---
title: Authentication
description: Every API request must include a valid secret key in the Authorization header.
source: https://www.edgaze.ai/docs/api/authentication
section: api
---
# Authentication

> Every API request must include a valid secret key in the Authorization header.

Every API request must include a valid secret key in the Authorization header. Keys are scoped, revocable, and optionally spend-capped: create and manage them in the [Developer console](/developer/keys).

## Key format

```
Authorization: Bearer edgaze_sk_live_…
```

Keys follow the pattern `edgaze_sk_{live|test}_…`. The plaintext is shown once at creation in the Developer console.
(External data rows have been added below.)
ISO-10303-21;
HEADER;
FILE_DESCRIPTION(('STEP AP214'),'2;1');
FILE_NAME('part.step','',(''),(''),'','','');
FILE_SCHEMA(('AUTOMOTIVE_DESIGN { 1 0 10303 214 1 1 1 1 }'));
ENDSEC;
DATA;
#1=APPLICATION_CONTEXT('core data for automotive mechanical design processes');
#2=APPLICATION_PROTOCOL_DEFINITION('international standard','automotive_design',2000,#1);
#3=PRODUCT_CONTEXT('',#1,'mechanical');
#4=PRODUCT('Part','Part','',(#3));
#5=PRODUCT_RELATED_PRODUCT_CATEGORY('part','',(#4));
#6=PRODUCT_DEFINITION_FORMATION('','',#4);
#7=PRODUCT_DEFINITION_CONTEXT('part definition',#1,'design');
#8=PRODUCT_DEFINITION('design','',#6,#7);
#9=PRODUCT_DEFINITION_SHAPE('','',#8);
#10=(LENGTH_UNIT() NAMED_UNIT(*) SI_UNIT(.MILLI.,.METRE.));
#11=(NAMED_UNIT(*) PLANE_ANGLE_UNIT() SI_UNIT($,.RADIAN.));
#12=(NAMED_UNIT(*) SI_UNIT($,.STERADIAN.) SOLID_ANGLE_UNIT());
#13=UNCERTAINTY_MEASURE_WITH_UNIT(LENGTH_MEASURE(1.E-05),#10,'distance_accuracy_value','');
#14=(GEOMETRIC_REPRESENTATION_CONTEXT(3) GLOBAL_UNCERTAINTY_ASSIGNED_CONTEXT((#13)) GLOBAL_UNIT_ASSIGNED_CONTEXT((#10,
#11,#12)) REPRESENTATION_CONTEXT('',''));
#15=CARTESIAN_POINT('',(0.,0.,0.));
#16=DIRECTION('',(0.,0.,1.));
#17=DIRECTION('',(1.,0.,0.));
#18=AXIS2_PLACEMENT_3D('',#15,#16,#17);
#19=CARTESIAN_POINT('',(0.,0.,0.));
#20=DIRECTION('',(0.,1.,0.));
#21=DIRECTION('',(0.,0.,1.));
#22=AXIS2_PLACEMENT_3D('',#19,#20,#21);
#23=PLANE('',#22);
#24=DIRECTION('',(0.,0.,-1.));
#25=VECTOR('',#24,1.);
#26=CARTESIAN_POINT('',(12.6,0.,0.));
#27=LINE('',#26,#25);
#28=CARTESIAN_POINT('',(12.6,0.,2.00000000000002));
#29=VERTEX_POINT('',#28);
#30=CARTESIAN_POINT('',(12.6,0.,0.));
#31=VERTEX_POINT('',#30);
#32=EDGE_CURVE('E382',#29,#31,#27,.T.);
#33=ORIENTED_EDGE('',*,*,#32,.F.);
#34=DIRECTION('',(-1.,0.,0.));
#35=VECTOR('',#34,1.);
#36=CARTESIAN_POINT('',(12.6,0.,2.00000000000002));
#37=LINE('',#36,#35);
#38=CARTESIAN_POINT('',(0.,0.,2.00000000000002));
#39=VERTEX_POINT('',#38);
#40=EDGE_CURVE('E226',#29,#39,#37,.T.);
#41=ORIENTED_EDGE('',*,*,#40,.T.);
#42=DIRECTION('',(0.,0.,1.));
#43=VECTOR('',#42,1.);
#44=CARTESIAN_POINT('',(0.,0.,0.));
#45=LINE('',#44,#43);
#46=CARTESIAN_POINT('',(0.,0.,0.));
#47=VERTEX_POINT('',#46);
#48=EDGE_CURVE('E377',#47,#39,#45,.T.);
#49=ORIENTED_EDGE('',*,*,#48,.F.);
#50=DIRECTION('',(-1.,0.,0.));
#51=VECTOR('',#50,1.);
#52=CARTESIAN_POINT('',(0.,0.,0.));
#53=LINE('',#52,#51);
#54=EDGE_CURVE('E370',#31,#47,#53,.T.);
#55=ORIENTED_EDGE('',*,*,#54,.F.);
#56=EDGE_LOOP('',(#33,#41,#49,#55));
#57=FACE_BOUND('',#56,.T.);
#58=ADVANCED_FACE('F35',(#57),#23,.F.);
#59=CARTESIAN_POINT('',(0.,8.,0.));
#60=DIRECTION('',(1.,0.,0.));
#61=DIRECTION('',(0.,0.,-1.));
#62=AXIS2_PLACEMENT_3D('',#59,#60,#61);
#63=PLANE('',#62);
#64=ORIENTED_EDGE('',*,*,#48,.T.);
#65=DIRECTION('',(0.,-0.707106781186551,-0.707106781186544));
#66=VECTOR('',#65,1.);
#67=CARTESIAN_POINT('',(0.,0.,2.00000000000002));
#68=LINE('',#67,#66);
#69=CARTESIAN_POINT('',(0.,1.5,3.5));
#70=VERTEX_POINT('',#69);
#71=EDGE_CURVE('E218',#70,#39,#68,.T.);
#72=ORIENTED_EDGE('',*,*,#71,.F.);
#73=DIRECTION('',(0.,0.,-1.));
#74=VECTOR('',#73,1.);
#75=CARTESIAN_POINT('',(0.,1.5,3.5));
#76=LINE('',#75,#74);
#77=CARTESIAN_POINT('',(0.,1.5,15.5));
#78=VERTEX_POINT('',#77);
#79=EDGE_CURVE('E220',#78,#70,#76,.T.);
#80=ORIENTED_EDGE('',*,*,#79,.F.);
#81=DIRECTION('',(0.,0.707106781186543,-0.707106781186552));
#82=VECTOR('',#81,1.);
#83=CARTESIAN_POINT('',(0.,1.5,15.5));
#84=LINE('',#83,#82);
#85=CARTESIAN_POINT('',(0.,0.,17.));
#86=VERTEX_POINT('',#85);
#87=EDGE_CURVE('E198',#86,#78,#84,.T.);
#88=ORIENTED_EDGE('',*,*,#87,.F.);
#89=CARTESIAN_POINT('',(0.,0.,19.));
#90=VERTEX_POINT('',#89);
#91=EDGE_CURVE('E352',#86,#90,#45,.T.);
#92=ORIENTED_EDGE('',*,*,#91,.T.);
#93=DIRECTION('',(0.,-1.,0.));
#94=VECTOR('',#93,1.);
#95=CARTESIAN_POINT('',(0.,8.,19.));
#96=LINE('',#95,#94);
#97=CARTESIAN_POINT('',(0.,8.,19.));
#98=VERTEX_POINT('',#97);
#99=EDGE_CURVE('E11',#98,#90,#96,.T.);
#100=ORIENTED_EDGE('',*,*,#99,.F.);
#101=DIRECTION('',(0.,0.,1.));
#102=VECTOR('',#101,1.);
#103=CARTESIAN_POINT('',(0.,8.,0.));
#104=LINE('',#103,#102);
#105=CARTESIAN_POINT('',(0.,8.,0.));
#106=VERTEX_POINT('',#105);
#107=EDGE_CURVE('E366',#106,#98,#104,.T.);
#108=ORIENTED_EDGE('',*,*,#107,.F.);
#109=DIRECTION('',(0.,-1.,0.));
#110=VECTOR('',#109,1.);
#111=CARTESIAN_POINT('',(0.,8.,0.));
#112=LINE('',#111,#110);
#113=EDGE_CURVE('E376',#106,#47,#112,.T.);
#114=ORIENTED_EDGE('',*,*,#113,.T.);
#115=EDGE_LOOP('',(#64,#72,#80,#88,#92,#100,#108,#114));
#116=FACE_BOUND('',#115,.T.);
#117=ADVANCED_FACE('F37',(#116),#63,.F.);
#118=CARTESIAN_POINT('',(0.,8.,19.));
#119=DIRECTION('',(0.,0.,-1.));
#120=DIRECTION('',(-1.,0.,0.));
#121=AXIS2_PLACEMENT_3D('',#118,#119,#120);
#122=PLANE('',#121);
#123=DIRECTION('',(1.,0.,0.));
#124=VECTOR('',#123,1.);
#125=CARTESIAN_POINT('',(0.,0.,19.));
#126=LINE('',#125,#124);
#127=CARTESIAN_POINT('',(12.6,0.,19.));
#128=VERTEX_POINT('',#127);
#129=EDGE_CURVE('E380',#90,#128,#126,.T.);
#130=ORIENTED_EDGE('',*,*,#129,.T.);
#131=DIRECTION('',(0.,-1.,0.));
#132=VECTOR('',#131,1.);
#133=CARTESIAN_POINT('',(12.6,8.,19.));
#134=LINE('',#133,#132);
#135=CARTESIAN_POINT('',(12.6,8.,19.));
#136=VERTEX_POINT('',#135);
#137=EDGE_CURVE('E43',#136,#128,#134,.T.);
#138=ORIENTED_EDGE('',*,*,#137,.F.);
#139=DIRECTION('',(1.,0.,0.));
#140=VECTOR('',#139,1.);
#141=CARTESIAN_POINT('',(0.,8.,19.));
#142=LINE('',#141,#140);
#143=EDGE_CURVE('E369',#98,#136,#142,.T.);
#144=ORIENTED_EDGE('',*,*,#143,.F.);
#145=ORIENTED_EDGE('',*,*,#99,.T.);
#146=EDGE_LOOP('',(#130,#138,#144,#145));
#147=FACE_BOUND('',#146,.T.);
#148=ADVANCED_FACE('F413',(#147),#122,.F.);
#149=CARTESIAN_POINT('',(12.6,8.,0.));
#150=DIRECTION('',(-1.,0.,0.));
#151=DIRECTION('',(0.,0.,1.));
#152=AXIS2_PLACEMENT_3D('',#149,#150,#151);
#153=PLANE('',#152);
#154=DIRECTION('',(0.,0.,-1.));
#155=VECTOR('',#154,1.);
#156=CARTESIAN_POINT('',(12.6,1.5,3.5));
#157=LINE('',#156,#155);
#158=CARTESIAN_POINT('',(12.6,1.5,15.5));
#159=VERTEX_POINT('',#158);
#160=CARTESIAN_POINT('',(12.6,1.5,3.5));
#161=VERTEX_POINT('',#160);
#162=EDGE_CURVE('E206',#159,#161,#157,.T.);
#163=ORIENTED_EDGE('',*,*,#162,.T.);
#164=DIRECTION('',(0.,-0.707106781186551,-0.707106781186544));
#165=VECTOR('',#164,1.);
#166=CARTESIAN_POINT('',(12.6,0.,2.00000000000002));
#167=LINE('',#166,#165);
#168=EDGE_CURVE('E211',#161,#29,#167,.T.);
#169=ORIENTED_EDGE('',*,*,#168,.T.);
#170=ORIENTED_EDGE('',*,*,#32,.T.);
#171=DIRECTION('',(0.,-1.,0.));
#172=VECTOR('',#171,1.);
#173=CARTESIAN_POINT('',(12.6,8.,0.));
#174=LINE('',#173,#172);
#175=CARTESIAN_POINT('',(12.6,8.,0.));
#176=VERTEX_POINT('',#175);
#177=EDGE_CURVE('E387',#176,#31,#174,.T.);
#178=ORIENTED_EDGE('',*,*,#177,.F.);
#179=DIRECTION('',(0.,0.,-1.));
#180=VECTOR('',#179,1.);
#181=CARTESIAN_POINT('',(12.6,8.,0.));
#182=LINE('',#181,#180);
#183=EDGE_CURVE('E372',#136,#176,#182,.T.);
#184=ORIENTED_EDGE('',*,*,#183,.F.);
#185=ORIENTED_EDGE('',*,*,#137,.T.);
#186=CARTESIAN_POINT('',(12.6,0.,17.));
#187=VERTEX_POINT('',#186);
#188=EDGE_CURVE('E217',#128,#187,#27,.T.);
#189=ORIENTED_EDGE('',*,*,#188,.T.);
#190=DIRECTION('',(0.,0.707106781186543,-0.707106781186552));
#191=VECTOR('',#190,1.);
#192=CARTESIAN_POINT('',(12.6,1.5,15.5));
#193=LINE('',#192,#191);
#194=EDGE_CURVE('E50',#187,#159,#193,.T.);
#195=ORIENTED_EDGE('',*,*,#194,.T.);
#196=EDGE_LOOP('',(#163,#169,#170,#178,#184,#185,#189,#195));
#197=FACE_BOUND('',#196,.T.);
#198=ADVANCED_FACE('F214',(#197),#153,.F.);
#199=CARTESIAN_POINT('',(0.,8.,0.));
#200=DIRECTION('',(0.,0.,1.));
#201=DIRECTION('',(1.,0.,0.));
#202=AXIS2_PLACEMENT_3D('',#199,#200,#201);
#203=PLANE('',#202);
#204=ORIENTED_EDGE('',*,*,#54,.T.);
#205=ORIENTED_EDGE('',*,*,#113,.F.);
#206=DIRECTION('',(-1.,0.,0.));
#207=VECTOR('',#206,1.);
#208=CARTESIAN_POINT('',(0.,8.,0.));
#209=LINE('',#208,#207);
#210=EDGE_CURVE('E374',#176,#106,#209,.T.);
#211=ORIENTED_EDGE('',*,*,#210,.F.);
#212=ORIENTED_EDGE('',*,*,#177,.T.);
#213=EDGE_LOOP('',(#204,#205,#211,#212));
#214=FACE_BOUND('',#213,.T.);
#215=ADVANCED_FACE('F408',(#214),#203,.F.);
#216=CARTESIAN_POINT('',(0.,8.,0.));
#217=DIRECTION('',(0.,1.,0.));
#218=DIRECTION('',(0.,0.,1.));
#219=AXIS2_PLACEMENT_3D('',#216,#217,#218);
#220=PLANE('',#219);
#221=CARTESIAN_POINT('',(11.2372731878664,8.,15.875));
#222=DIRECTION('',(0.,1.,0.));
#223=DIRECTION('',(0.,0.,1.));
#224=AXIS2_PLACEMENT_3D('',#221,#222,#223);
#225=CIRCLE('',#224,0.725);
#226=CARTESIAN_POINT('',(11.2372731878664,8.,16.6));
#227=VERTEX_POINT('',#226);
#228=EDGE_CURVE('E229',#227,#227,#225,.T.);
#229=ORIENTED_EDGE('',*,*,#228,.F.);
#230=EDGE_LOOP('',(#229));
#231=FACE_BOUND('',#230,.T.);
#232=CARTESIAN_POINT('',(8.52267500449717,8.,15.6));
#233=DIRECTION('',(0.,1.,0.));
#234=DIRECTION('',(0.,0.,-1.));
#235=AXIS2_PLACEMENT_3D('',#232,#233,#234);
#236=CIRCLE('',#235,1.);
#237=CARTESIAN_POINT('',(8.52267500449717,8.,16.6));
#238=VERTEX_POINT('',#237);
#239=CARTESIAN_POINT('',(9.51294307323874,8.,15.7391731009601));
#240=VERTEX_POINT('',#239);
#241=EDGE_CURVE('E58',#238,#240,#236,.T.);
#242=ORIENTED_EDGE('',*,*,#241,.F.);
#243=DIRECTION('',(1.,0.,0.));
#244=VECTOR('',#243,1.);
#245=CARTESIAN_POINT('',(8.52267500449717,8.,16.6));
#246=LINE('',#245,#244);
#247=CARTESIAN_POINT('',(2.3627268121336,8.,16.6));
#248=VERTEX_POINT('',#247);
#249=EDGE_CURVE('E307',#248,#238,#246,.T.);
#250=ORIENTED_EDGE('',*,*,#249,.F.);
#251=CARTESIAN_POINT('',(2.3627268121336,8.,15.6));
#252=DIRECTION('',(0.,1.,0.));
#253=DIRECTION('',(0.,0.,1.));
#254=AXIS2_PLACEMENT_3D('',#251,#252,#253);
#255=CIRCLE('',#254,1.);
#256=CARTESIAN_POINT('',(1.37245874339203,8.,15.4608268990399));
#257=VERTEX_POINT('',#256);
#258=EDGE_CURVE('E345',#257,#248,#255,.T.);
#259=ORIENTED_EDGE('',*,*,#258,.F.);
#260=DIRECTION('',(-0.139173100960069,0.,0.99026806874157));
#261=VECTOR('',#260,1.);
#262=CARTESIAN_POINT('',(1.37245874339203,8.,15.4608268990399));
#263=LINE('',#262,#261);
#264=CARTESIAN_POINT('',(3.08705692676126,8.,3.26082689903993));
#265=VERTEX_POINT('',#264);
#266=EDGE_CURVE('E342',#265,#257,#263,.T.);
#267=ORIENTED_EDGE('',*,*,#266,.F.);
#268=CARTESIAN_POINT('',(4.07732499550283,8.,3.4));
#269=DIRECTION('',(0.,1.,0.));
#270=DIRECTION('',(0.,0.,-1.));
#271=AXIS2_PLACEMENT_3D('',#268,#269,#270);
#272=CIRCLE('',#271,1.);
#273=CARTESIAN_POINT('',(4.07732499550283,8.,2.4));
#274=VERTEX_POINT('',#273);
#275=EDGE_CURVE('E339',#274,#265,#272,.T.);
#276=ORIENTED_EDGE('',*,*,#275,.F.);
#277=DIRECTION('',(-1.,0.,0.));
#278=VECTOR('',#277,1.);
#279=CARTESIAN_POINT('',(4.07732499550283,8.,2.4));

Only a SHA-256 hash is stored server-side: if you lose the key, revoke it and create a new one.

Never commit keys to source control. Use environment variables or a secrets manager, and rotate keys if exposure is suspected.

## Scopes

Each key is issued with one or more scopes. The API rejects requests that lack the required scope.

| Scope         | Access                       |
| ------------- | ---------------------------- |
| `run:execute` | POST /runs                   |
| `run:read`    | GET /workflows, GET /runs/\* |

Default keys include both scopes. Read endpoints accept either scope, so a read-only key can list workflows and poll runs without execute permission.

## Security behavior

The API is designed to avoid leaking tenant or resource existence.

- Invalid, revoked, or expired keys always return **401** with the same message: no enumeration of which condition applied.
- Cross-tenant resource access returns **404** for runs, not 403. You cannot probe whether a run id exists in another account.
- Workflow entitlement denial returns **403 forbidden** with a uniform message when you are authenticated but not allowed to run a listing.
- Scope violations return **403 insufficient_scope** before any handler logic runs.